I am not in your business. But I buy stuff. And I personally give the guy hell who shows up in a new truck.

Not that it changes my decisions.

But seriously. There is a way to do an f-250 and people don't notice. Make sure it's white. And the back looks like a work truck. Our guys have f250's. But they also put 100k a year driving circles around texas. And actually using a truck as they were intended.


----------



## Bily Lovec (Sep 26, 2005)

Sam Walton kept an old truck to drive around in when it was necessary for people to think he was a down to earth, humble guy.


----------



## spurgersalty (Jun 29, 2010)

First world problems. SMH


----------



## BBCAT (Feb 2, 2010)

" I do work for some poor neighborhoods and I don't want my Board of Directors in those neighborhoods to think they're paying me too much."

If this is your concern it won't matter. A new truck is a new truck.
But your right, don't over think it. Just do it.


----------



## chumy (Jul 13, 2012)

Do you plan on hanging large nuts on the hitch? If so, either truck will establish your character.


----------



## Pivo and kolache (Mar 13, 2014)

Don't think the truck makes a difference, it's the lift, ugly black wheel, ridiculous huge led light bar on the roof and the mall terrains that scream douche


----------



## surf_ox (Jul 8, 2008)

And don't do a wrap that might send the wrong message your trying to communicate. 

Easy way to show work truck is to use it for work. No bed waxing allowed. 

Also check out my signature below


---------------------------------

We never become who God created us to be by trying to be like everybody else


----------



## uncle dave (Jul 27, 2008)

Driving a dodge is like having an ugly girl friend, they are allright, but you don't want anybody to see you with them.


----------



## PassingThru (Aug 31, 2005)

Ford did not take any bailout money. I would chose the Ford.


----------



## bg (May 21, 2004)

The new Fords with the 6.7 are solid trucks, I've made it a point to ask everyone I've seen in one for the last 4 years now what they thought of it and have yet to get a negative review. I still have a 7.3 because it's paid for and the 6.0 and 6.4 had issues but have really liked the 6.7 and seriously considered getting one.

The hot shot guy that delivers my steel recently got rid of a Dodge DRW 3500 and bought a Chevy DRW 3500. Mechanically, he said he liked the Dodge but the problem was that the truck was falling apart around the engine. Granted, he put 200k on the truck in just 2 or 3 years but that's in line with my previous experience with Chrysler products in general. 

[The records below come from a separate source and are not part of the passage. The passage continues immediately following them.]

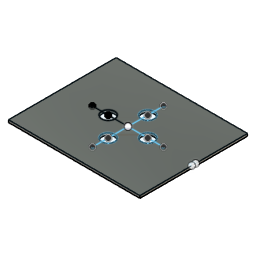
simon (Autodesk Fusion 360 design; units mm, degrees)
Autodesk Fusion 360 part; units mm, degrees
box "BoxPrimitive1" add length 136 width 166 height 3 placed x (0, -1, 0) y (1, 0, 0) z (0, 0, 1) at (-30, 40, 0)
move_body "Move1" bodies 1 to x (1, 0, 0) y (0, 1, 0) z (0, 0, 1) at (-59.3373, 23.0424, 23.0424)
move_body "Move2" bodies 1 to x (1, 0, 0) y (0, 1, 0) z (0, 0, 1) at (6.3373, 4.9576, -26.0424)
move_body "Move3" bodies 1 to x (1, 0, 0) y (0, 1, 0) z (0, 0, 1) at (0, 0, 3)
sketch "Sketch6" plane through (0, 0, 3) normal (0, 0, 1) x (-1, 0, 0)
  line L0 (83, 68) -> (-83, 68)
  line L1 (-83, 68) -> (-83, -68)
  line L2 (-83, -68) -> (83, -68)
  line L3 (83, -68) -> (83, 68)
  line L4 (0, 0) -> (25, 0)
  line L5 (25, 0) -> (45, 0)
  circle A0 centre (25, 0) radius 8.25
  line L6 (44, -1.5) -> (46, -1.5)
  line L7 (46, -1.5) -> (46, 1.5)
  line L8 (46, 1.5) -> (44, 1.5)
  line L9 (44, 1.5) -> (44, -1.5)
  line L10 (44, -1.5) -> (46, 1.5) construction
  line L11 (46, -1.5) -> (44, 1.5) construction
  line L12 (0, 0) -> (0, -25)
  line L13 (1.5, -44) -> (-1.5, -44)
  line L14 (0, -25) -> (0, -45)
  line L15 (-1.5, -46) -> (1.5, -44) construction
  circle A1 centre (0, -25) radius 8.25
  line L16 (-1.5, -44) -> (-1.5, -46)
  line L17 (1.5, -46) -> (1.5, -44)
  line L18 (-1.5, -44) -> (1.5, -46) construction
  line L19 (-1.5, -46) -> (1.5, -46)
  line L20 (-44, 1.5) -> (-46, -1.5) construction
  line L21 (0, 0) -> (-25, 0)
  line L22 (-1.5, 44) -> (1.5, 44)
  line L23 (0, 25) -> (0, 45)
  line L24 (-44, 1.5) -> (-46, 1.5)
  circle A2 centre (0, 25) radius 8.25
  line L25 (-1.5, 46) -> (-1.5, 44)
  line L26 (-25, 0) -> (-45, 0)
  line L27 (1.5, 44) -> (1.5, 46)
  line L28 (-46, 1.5) -> (-44, -1.5) construction
  line L29 (1.5, 46) -> (-1.5, 46)
  line L30 (-46, 1.5) -> (-46, -1.5)
  line L31 (1.5, 46) -> (-1.5, 44) construction
  line L32 (-44, -1.5) -> (-44, 1.5)
  circle A3 centre (-25, 0) radius 8.25
  line L33 (-46, -1.5) -> (-44, -1.5)
  line L34 (0, 0) -> (0, 25)
  line L35 (1.5, 44) -> (-1.5, 46) construction
  line L36 (-80.4869, -2.4905) -> (-83, -2.4905)
  line L37 (-83, 2.5095) -> (-80.4869, 2.5095)
  line L38 (-80.4869, 2.5095) -> (-80.4869, -2.4905)
  point P0 (45, 0)
  point P1 (0, -45)
  point P2 (-45, 0)
  point P3 (0, 45)
  dimension "d26" = 25
  dimension "d27" = 20
  dimension "d28" = 16.5
  dimension "d29" = 2
  dimension "d30" = 3
  dimension "d31" = 25
  dimension "d32" = 20
  dimension "d33" = 16.5
  dimension "d34" = 2
  dimension "d35" = 3
  dimension "d36" = 25
  dimension "d37" = 20
  dimension "d38" = 16.5
  dimension "d39" = 2
  dimension "d40" = 3
  dimension "d41" = 25
  dimension "d42" = 20
  dimension "d43" = 16.5
  dimension "d44" = 2
  dimension "d45" = 3
  dimension "d48" = 5
  constraint coincident L4.start L12.start
  constraint horizontal L4
  constraint parallel L4 L5
  constraint coincident L4.end L5.start
  constraint horizontal L6
  constraint perpendicular L6 L7
  constraint parallel L6 L8
  constraint parallel L7 L9
  constraint coincident L10 P0
  constraint coincident L11 P0
  constraint coincident P0 L5.end
  constraint parallel L12 L14
  constraint coincident L12.end L14.start
  constraint perpendicular L16 L19
  constraint parallel L16 L17
  constraint parallel L13 L19
  constraint coincident P1 L18
  constraint coincident P1 L15
  constraint coincident P1 L14.end
  constraint parallel L21 L26
  constraint coincident L21.end L26.start
  constraint perpendicular L24 L30
  constraint parallel L24 L33
  constraint parallel L30 L32
  constraint coincident P2 L20
  constraint coincident P2 L28
  constraint coincident P2 L26.end
  constraint parallel L23 L34
  constraint coincident L23.start A2.centre
  constraint perpendicular L27 L29
  constraint parallel L25 L27
  constraint parallel L22 L29
  constraint coincident P3 L35
  constraint coincident P3 L31
  constraint coincident P3 L23.end
  constraint horizontal L36
  constraint horizontal L37
  constraint vertical L38
  measures "d26" distance of L4.start L4.end
  measures "d27" distance of L4.end P0
  measures "d28" diameter of A0
  measures "d29" distance of L7.end L8.end
  measures "d30" distance of L6.end L7.end
  measures "d31" distance of L4.start L12.end
  measures "d32" distance of L12.end P1
  measures "d33" diameter of A1
  measures "d34" distance of L17.start L13.start
  measures "d35" distance of L15.start L17.start
  measures "d36" distance of L4.start L21.end
  measures "d37" distance of L21.end P2
  measures "d38" diameter of A3
  measures "d39" distance of L20.end L28.end
  measures "d40" distance of L24.end L20.end
  measures "d41" distance of L4.start L23.start
  measures "d42" distance of P3 L23.start
  measures "d43" diameter of A2
  measures "d44" distance of L22.start L25.start
  measures "d45" distance of L27.end L25.start
  measures "d48" distance of L36.start L37.end
extrude "Extrude2" cut sketch "Sketch6" against normal blind 5 contours L4 L5 A0 | L4 L5 A0 | L6 L7 L8 L9 | L12 L14 A1 | L12 L14 A1 | L13 L16 L17 L19 | L21 L26 A3 | L21 L26 A3 | L22 L25 L27 L29 | L23 A2 L34 | L23 A2 L34 | L24 L30 L32 L33

My opinion of the big 3 diesels is that Dodge has always had the best engine, even compared to the 7.3. Chevy has always had the nicest creature comforts and ride and the best transmission, it's hard to beat that Allison and Ford has had the best all around truck build quality. I wouldn't hesitate to buy the 6.7 but if I could have a new Ford truck with the old 24V 5.9 Cummins and the Allison transmission, I think I would have the perfect truck. 

I still think that overall, the Ford is the best current choice. I would not own a 6.0 and would have been very hesitant about a 6.4 but the 6.7 have proven to be reliable motors.


----------



## Bocephus (May 30, 2008)

If you think your customers put great importance on what kind of truck your driving....you've miss the boat Brother.

It's not all about you....it's all about them, and giving them the service that will make them want to be repeat customers.


----------



## MikeS2942 (Mar 5, 2010)

I have driven a Dodge truck for many years for work and business. My customers ride in my dusty Dodge or my Laramie and we talk about the same thing in either truck, fishing and hunting.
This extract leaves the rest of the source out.